There have been more than 40 GLI3 pathogenic variants reported to be associated with either PHS or sub-PHS, where a diagnosis is suspected but does not meet the diagnostic criteria (Fig. 1c). While the majority are frameshift and nonsense mutations, one splicing variant has been reported8. Approximately a quarter of all known PHS cases have been caused by a de novo pathogenic variant4. The GLI3 variant detected in our patient falls between the zinc-finger domain and the proteolytic cleavage site. It is located within the middle third of the GLI3 gene where all PHS-causing pathogenic variants have been identified, providing further support for the well-established genotype–phenotype correlation.

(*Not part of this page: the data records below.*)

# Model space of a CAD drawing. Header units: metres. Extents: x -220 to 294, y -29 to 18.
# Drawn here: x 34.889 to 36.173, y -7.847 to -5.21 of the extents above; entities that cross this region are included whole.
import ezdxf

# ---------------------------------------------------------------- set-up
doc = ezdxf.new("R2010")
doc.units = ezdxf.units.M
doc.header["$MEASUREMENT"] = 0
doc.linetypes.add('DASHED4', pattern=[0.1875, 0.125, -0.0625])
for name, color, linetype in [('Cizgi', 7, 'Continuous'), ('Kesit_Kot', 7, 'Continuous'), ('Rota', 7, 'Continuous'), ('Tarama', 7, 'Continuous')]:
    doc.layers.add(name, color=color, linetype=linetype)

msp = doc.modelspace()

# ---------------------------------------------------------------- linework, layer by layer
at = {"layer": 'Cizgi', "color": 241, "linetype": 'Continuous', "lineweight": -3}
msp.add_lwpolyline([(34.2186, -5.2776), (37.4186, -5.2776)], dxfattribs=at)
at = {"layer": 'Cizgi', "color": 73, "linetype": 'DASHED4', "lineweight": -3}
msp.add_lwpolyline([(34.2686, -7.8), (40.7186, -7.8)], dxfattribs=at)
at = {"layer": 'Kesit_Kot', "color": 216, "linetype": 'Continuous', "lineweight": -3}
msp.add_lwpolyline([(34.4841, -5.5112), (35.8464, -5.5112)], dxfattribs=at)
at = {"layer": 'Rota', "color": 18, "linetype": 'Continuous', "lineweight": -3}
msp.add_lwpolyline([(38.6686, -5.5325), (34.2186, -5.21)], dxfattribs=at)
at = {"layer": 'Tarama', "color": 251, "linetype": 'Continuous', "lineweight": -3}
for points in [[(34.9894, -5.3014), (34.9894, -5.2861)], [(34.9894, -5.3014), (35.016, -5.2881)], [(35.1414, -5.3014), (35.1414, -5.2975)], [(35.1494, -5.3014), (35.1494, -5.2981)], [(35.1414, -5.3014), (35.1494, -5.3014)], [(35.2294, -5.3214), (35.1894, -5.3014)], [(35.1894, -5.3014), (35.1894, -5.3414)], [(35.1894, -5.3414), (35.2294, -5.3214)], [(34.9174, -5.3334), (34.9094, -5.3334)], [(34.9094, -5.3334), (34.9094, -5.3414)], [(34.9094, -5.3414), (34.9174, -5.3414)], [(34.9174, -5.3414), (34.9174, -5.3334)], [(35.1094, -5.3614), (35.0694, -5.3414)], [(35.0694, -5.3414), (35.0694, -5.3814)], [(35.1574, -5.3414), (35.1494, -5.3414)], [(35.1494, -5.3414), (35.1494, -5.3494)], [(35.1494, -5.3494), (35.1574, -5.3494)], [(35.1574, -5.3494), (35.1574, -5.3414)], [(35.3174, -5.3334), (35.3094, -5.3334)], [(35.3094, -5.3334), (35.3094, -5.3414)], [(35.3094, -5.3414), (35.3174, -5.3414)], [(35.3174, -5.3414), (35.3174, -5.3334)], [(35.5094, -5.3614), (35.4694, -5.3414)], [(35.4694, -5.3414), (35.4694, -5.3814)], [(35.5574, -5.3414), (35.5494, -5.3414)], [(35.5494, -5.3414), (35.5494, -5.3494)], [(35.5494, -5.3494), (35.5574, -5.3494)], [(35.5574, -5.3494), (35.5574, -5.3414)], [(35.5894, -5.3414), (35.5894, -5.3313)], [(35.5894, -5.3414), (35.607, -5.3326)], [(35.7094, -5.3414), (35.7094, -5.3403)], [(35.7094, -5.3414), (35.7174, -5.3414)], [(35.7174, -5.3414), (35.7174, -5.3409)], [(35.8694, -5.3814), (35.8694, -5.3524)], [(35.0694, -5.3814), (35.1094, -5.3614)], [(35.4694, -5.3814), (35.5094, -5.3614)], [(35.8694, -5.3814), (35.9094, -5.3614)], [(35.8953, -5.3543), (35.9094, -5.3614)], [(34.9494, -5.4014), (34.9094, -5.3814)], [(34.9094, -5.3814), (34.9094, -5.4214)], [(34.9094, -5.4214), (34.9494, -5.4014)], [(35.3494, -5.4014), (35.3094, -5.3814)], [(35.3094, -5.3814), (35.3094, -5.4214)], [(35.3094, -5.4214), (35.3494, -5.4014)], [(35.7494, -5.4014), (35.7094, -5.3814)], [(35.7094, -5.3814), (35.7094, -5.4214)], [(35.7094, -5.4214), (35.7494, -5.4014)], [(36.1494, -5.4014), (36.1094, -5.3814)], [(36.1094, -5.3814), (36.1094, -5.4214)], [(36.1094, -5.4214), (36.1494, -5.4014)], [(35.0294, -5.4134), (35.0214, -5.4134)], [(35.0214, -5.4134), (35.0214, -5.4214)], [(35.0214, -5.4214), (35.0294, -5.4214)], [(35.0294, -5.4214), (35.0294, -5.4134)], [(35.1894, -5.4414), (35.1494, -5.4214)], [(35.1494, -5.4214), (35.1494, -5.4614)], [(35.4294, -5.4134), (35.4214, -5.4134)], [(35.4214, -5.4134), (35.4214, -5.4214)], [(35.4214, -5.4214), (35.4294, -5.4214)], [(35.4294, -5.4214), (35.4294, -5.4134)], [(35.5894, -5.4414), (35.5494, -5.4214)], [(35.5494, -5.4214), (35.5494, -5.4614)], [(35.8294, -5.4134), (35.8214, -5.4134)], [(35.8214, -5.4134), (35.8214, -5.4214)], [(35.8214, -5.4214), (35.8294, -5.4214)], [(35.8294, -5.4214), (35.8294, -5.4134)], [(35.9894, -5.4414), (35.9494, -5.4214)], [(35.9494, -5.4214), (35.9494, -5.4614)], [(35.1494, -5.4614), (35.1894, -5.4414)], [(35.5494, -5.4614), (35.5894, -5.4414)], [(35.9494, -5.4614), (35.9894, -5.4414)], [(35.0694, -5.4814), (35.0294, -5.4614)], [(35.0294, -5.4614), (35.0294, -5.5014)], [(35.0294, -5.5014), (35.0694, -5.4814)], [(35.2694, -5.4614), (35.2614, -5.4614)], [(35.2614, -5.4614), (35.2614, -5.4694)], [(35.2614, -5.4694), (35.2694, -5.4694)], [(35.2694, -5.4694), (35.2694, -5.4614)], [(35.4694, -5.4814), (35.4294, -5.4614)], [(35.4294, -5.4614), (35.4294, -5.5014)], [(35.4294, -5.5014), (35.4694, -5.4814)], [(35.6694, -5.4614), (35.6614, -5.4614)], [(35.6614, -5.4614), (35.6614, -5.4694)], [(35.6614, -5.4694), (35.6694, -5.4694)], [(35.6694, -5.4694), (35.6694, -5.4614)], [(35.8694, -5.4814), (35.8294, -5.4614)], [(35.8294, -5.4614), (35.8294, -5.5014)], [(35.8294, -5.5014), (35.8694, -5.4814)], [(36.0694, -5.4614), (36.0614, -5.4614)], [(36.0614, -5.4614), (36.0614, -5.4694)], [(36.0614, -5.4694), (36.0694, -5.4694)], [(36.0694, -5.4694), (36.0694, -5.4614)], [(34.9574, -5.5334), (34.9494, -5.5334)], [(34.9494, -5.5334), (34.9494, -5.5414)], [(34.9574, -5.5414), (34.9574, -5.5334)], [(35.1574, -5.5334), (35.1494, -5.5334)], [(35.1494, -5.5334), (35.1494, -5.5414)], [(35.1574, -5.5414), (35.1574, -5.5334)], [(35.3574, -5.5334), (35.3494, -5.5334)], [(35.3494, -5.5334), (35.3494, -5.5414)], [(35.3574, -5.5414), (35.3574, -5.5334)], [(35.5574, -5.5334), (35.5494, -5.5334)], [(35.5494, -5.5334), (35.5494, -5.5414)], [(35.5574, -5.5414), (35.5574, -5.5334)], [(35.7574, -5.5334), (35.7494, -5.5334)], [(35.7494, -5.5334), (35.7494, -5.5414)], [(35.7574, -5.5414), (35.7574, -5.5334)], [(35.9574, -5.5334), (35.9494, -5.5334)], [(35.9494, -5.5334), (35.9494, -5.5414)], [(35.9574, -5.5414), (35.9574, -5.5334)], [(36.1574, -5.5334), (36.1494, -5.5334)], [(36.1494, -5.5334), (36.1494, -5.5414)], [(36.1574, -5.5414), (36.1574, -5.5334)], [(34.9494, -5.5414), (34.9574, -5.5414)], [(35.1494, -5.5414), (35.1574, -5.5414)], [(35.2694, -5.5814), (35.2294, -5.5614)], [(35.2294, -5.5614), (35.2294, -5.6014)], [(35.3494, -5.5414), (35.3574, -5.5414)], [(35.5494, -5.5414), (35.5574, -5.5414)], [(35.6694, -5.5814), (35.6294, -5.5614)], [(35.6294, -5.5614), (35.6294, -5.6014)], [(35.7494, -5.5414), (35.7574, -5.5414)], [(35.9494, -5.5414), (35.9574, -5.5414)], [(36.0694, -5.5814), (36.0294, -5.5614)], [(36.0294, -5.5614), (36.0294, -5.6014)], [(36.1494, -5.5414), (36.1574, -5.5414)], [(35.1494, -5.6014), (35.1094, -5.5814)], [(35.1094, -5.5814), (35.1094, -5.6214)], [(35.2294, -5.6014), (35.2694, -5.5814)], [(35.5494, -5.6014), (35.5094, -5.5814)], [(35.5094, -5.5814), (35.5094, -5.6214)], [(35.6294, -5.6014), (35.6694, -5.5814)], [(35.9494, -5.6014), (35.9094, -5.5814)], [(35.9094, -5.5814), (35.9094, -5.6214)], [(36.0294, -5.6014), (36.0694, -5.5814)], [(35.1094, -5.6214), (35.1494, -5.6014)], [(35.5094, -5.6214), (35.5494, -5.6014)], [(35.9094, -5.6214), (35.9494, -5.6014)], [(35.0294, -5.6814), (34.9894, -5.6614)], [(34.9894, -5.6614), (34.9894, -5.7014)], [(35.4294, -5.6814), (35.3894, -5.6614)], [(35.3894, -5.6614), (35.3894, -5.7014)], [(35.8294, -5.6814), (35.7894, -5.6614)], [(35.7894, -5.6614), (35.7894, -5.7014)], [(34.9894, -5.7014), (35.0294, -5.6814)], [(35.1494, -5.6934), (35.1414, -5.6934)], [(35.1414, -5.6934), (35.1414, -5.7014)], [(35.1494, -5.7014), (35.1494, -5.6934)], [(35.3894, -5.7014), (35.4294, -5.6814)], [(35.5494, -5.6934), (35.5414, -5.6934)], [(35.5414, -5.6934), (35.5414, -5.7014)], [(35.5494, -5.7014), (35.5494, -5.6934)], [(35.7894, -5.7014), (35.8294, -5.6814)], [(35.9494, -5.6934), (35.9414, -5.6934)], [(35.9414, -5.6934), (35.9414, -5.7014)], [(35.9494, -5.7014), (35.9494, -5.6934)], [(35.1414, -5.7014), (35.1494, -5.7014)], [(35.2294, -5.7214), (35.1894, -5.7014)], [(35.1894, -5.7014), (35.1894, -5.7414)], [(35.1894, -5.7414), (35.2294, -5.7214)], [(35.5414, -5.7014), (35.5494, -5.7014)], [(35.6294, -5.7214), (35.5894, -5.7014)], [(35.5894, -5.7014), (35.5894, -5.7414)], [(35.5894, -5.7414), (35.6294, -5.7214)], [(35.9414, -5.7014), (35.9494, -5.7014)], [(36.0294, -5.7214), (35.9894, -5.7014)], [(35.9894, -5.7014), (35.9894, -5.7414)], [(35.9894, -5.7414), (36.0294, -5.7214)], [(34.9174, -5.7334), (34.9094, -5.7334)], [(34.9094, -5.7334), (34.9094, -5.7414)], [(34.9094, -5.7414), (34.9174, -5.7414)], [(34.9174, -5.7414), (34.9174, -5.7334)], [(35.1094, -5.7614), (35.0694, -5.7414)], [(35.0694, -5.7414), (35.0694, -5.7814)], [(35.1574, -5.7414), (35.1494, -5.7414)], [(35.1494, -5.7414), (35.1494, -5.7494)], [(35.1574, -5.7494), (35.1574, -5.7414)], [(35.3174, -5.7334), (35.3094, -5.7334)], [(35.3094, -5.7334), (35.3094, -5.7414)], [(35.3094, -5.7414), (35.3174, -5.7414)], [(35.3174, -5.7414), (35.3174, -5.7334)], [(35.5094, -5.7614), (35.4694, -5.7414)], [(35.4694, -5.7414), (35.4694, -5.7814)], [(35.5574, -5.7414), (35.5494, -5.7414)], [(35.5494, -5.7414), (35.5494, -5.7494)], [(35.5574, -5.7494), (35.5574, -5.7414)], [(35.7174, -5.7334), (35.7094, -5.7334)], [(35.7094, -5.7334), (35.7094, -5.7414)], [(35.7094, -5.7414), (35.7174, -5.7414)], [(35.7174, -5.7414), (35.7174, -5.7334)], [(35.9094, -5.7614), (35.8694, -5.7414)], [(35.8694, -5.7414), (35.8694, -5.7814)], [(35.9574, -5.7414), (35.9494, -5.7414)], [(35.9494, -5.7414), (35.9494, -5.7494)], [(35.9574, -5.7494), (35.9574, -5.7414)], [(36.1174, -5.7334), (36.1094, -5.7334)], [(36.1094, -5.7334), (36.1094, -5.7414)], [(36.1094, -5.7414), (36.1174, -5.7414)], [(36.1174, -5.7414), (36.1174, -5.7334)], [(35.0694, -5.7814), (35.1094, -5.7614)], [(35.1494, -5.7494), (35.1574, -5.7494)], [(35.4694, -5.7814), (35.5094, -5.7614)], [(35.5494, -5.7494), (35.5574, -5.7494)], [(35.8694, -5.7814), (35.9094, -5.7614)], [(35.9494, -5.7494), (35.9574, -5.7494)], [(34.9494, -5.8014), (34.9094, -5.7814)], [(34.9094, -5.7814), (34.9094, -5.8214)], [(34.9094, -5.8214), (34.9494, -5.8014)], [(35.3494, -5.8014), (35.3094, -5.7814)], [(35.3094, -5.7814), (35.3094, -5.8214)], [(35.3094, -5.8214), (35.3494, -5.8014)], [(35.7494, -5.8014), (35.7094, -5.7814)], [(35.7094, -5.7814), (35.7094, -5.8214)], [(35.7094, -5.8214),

In this report, we describe a case of PHS caused by a novel GLI3 nonsense variant that was not diagnosed until adulthood, despite multiple points of contact with pediatric and developmental health services throughout the patient’s childhood. Although the patient presented with several features at birth and during early childhood that would warrant a genetics assessment, he was not referred. Only a handful of PHS cases diagnosed during adulthood have been reported5,13. The majority are born with polydactyly, but a diagnosis of PHS is only suspected following a subsequent event, such as the presence of epileptic seizures, precocious puberty, hypothalamic hamartoma, or the birth of offspring with a more severe phenotype. The diagnosis of precocious puberty in our patient, in combination with bilateral polydactyly, should have raised the suspicion of PHS. More than a decade passed before a diagnosis of PHS was made, following the incidental finding of the hypothalamic hamartoma. This case adds to the literature of PHS diagnosed in adulthood, which together serve to bring attention to the missed opportunities for genetic testing and subsequent diagnosis. Earlier diagnosis has the potential to alleviate the burden on patients and their families when there is a lack of a definitive reason for their medical history. This is especially important for PHS manifestations, where early detection and management can help improve outcomes, such as endocrine and developmental manifestations. Further education is required to raise awareness among health professionals who may encounter individuals with PHS at early stages of life, such as surgeons and pediatricians.